16/02/2021 / 10:13
Marta Martínez


Imagenes

Síndrome de Angelman, una enfermedad rara causada por un gen silenciado

Manuel tenía poco más de un año cuando se lo diagnosticaron y la noticia cambió la vida de su familia.


El 15 de febrero se conmemora el Día Internacional del síndrome de Angelman, una enfermedad rara de la que pocos habrán oído hablar, pero que cambia la vida de las familias que la viven de cerca.
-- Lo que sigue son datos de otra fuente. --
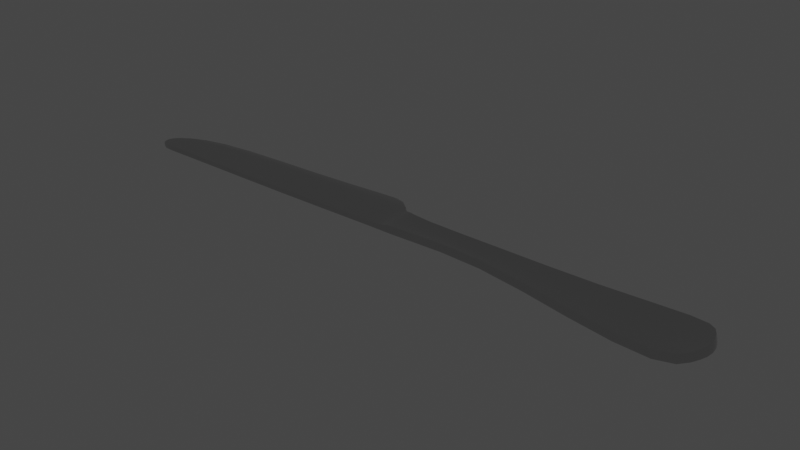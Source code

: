 # Source: knife.blend  (saved by Blender 5.0.119; exported with 4.5.12 LTS)
import bpy
from mathutils import Matrix  # noqa: F401  (used for matrix-valued properties, if any)

bpy.ops.wm.read_factory_settings(use_empty=True)
scene = bpy.context.scene
scene.name = 'Scene'

# ---- collections
col_collection = bpy.data.collections.new('Collection'); scene.collection.children.link(col_collection)

# ---- materials (node trees are filled in below, after node groups)
mat_silverware_matmain = bpy.data.materials.new('Silverware_MatMain')
mat_silverware_matmain.alpha_threshold = 0.0
mat_silverware_matmain.use_backface_culling_lightprobe_volume = False
mat_silverware_matmain.use_transparent_shadow = False
mat_silverware_matmain.roughness = 0.5
mat_silverware_matmain.line_color = (0.0, 0.0, 0.0, 1.0)

# ---- node groups
ng_auto_smooth = bpy.data.node_groups.new('Auto Smooth', 'GeometryNodeTree')
_s = ng_auto_smooth.interface.new_socket(name='Geometry', in_out='OUTPUT', socket_type='NodeSocketGeometry')
_s = ng_auto_smooth.interface.new_socket(name='Geometry', in_out='INPUT', socket_type='NodeSocketGeometry')
_s = ng_auto_smooth.interface.new_socket(name='Angle', in_out='INPUT', socket_type='NodeSocketFloat')
_s.subtype = 'ANGLE'
_s.min_value = 0.0
_s.max_value = 3.142
ng_auto_smooth.is_modifier = True
_N = ng_auto_smooth.nodes; _L = ng_auto_smooth.links
n0 = _N.new('NodeGroupOutput'); n0.name = 'Group Output'; n0.location = (480, -100)
n1 = _N.new('NodeGroupInput'); n1.name = 'Group Input'; n1.location = (-420, -300)
n2 = _N.new('NodeGroupInput'); n2.name = 'Group Input.001'; n2.location = (-60, -100)
n3 = _N.new('GeometryNodeSetShadeSmooth'); n3.name = 'Set Shade Smooth'; n3.location = (120, -100)
n3.domain = 'EDGE'
n4 = _N.new('GeometryNodeSetShadeSmooth'); n4.name = 'Set Shade Smooth.001'; n4.location = (300, -100)
n5 = _N.new('GeometryNodeInputMeshEdgeAngle'); n5.name = 'Edge Angle'; n5.location = (-420, -220)
n6 = _N.new('GeometryNodeInputEdgeSmooth'); n6.name = 'Is Edge Smooth'; n6.location = (-60, -160)
n7 = _N.new('GeometryNodeInputShadeSmooth'); n7.name = 'Is Face Smooth'; n7.location = (-240, -340)
n8 = _N.new('FunctionNodeBooleanMath'); n8.name = 'Boolean Math'; n8.location = (-60, -220)
n9 = _N.new('FunctionNodeCompare'); n9.name = 'Compare'; n9.location = (-240, -180)
n9.operation = 'LESS_EQUAL'
_L.new(n5.outputs[0], n9.inputs[0])
_L.new(n4.outputs[0], n0.inputs[0])
_L.new(n1.outputs[1], n9.inputs[1])
_L.new(n9.outputs[0], n8.inputs[0])
_L.new(n7.outputs[0], n8.inputs[1])
_L.new(n2.outputs[0], n3.inputs[0])
_L.new(n6.outputs[0], n3.inputs[1])
_L.new(n3.outputs[0], n4.inputs[0])
_L.new(n8.outputs[0], n3.inputs[2])
n0.is_active_output = True

# ---- material node trees
mat_silverware_matmain.use_nodes = True; mat_silverware_matmain.node_tree.nodes.clear()
_N = mat_silverware_matmain.node_tree.nodes; _L = mat_silverware_matmain.node_tree.links
n0 = _N.new('ShaderNodeOutputMaterial'); n0.name = 'Material Output'; n0.location = (300, 300)
n1 = _N.new('ShaderNodeBsdfPrincipled'); n1.name = 'Principled BSDF'; n1.location = (10, 300)
n1.distribution = 'GGX'
n1.subsurface_method = 'RANDOM_WALK_SKIN'
n1.inputs[0].default_value = (0.6, 0.6, 0.6, 1.0)
n1.inputs[1].default_value = 1.0
n1.inputs[2].default_value = 0.08
n1.inputs[3].default_value = 1.45
n1.inputs[27].default_value = (0.0, 0.0, 0.0, 1.0)
n1.inputs[28].default_value = 1.0
_L.new(n1.outputs[0], n0.inputs[0])
n0.is_active_output = True

# ---- world
world_world = bpy.data.worlds.new('World'); scene.world = world_world
world_world.use_nodes = True; world_world.node_tree.nodes.clear()
_N = world_world.node_tree.nodes; _L = world_world.node_tree.links
n0 = _N.new('ShaderNodeOutputWorld'); n0.name = 'World Output'; n0.location = (300, 300)
n1 = _N.new('ShaderNodeBackground'); n1.name = 'Background'; n1.location = (10, 300)
n1.inputs[0].default_value = (0.05088, 0.05088, 0.05088, 1.0)
_L.new(n1.outputs[0], n0.inputs[0])
n0.is_active_output = True
world_world.color = (0.05088, 0.05088, 0.05088)
world_world.use_sun_shadow = False
world_world.sun_shadow_jitter_overblur = 0.0

# ---- meshes
me_knife = bpy.data.meshes.new('Knife')
me_knife.from_pydata([(2.278, 0.1503, 0.0107), (2.167, 0.2642, -0.02593), (2.327, 0.04773, 0.0107), (2.167, 0.08569, -0.03987), (1.51, 0.1772, -0.01066), (1.51, 0.05671, -0.0246), (0.7946, 0.08375, 0.0558), (0.7946, 0.0401, 0.04186), (2.278, -0.1574, 0.0107), (2.167, -0.2713, -0.02593), (2.327, -0.05483, 0.0107), (2.167, -0.09279, -0.03987), (1.51, -0.1843, -0.01066), (1.51, -0.06381, -0.0246), (0.7946, -0.09085, 0.0558), (0.7946, -0.0472, 0.04186), (0.192, 0.07876, 0.0558), (0.192, 0.03761, 0.04186), (0.192, -0.1266, 0.0558), (0.192, -0.06379, 0.04186), (0.01987, 0.1347, 0.0277), (0.01987, 0.0605, 0.0277), (0.01987, -0.1266, 0.0277), (0.01987, -0.06379, 0.0277), (-0.1086, 0.2703, 0.0277), (-0.1086, 0.0605, 0.0277), (-0.1086, -0.1266, 0.0277), (-0.1086, -0.06379, 0.0277), (-0.8778, 0.206, 0.0277), (-0.8778, 0.0605, 0.0277), (-0.8778, -0.1398, 0.0277), (-0.8778, -0.06379, 0.0277), (-1.618, 0.1892, 0.0277), (-1.621, 0.0605, 0.0277), (-1.621, -0.1398, 0.0277), (-1.621, -0.06379, 0.0277), (-2.013, 0.1144, 0.0277), (-2.016, 0.0605, 0.0277), (-2.016, -0.1398, 0.0277), (-2.016, -0.06379, 0.0277), (-2.183, 0.003839, 0.0277), (-2.22, -0.05342, 0.0277), (-2.185, -0.1435, 0.0277), (-2.22, -0.09948, 0.0277), (2.292, 0.1527, -0.05098), (2.171, 0.2648, -0.0897), (2.34, 0.04847, -0.05171), (2.173, 0.08632, -0.08949), (1.508, 0.1772, -0.07456), (1.508, 0.05671, -0.07455), (0.7929, 0.08375, -0.008107), (0.793, 0.0401, -0.008108), (2.292, -0.1598, -0.05098), (2.171, -0.2719, -0.0897), (2.34, -0.05557, -0.05171), (2.173, -0.09342, -0.08949), (1.508, -0.1843, -0.07456), (1.508, -0.06381, -0.07455), (0.7929, -0.09085, -0.008108), (0.793, -0.0472, -0.008108), (0.192, 0.07876, -0.008137), (0.192, 0.03761, -0.008137), (0.192, -0.1266, -0.008137), (0.192, -0.06379, -0.008137), (0.01987, 0.1347, -0.008137), (0.01987, 0.0605, -0.008137), (0.01987, -0.1266, -0.008137), (0.01987, -0.06379, -0.008137), (-0.1086, 0.2703, -0.008137), (-0.1086, 0.0605, -0.008137), (-0.1086, -0.1266, -0.008137), (-0.1086, -0.06379, -0.008137), (-0.8778, 0.206, -0.008137), (-0.8778, 0.0605, -0.008137), (-0.8778, -0.1398, -0.008137), (-0.8778, -0.06379, -0.008137), (-1.618, 0.1892, -0.008137), (-1.621, 0.0605, -0.008137), (-1.621, -0.1398, -0.008137), (-1.621, -0.06379, -0.008137), (-2.013, 0.1144, -0.008137), (-2.016, 0.0605, -0.008137), (-2.016, -0.1398, -0.008137), (-2.016, -0.06379, -0.008137), (-2.183, 0.003839, -0.008137), (-2.22, -0.05342, -0.008137), (-2.185, -0.1435, -0.008137), (-2.22, -0.09948, -0.008137), (2.285, 0.1515, -0.02711), (2.169, 0.2645, -0.06478), (2.333, 0.0481, -0.02747), (1.509, 0.1772, -0.04958), (0.7938, 0.08375, 0.01688), (2.285, -0.1586, -0.02711), (2.169, -0.2716, -0.06478), (2.333, -0.0552, -0.02747), (1.509, -0.1843, -0.04958), (0.7938, -0.09085, 0.01688), (0.192, 0.07876, 0.01686), (0.192, -0.1266, 0.01686), (0.01987, 0.1347, 0.01686), (0.01987, -0.1266, 0.01686), (-0.1086, 0.2967, 0.01164), (-0.1086, -0.1266, 0.01686), (-0.8778, 0.2324, 0.01164), (-0.8778, -0.1398, 0.01686), (-1.618, 0.2156, 0.01164), (-1.621, -0.1398, 0.01686), (-2.013, 0.1408, 0.01164), (-2.016, -0.1398, 0.01337), (-2.183, 0.03026, 0.01164), (-2.219, -0.05392, 0.01324), (-2.185, -0.1435, 0.01219), (-2.22, -0.09948, 0.01219), (0.04623, 0.057, 0.04591), (0.04623, -0.06379, 0.04591), (0.04623, -0.1266, 0.0516), (0.04623, 0.1262, 0.0516), (0.04623, 0.057, -0.008137), (0.04623, -0.06379, -0.008137), (0.04623, -0.1266, -0.008137), (0.04623, 0.1262, -0.008137), (0.04623, 0.1262, 0.01686), (0.04623, -0.1266, 0.01686), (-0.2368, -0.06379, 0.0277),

Eso es lo que le ocurrió a la de Manuel López. La vida les dio un vuelco increíble cuando, hace poco más de dos años y después de un largo peregrinar por todo tipo de especialistas médicos, llegó el diagnóstico: síndrome de Angelman. Desde entonces no solo se han convertido en todo unos expertos, sino que se han implicado de lleno, a través de la Fundación FAST España, para que se investigue sobre esta enfermedad y se visibilice. Ellos nos han abierto las puertas de su casa para darnos a conocer qué es el síndrome de Angelman y cómo les ha marcado su vida.

Manuel tiene tres años. Desde muy pronto sus padres, Sara Martínez y Pedro López, se dieron cuenta de que iba muy atrasado en su desarrollo. Veían las diferencias respecto a su hermana María, dos años mayor que él, “pero achacábamos ese retraso a que cada niño tiene sus ritmos y todos somos diferentes”, indica Pedro. “Ya desde las dos semanas de vida, su interacción con el mundo era diferente a lo esperado. No fijaba la vista, no respondía a estímulos auditivos y en los meses sucesivos no realizaba las acciones típicas de un bebé de su edad: manipular objetos, interesarse por las cosas, mirar a la cara, etc.”. Por otro lado, “siempre tenía un aspecto feliz y alegre con un aleteo característico”, explica su padre. 

Con cinco meses lo apuntaron a matronatación y terapia ocupacional e iniciaron una larga peregrinación por especialistas de muchas disciplinas diferentes, otorrinos, oftalmólogos, neurólogos, digestivos, neumólogos, hasta que, con 14 meses, tras una prueba genética, obtuvieron un diagnóstico para Manuel: tenía síndrome de Angelman.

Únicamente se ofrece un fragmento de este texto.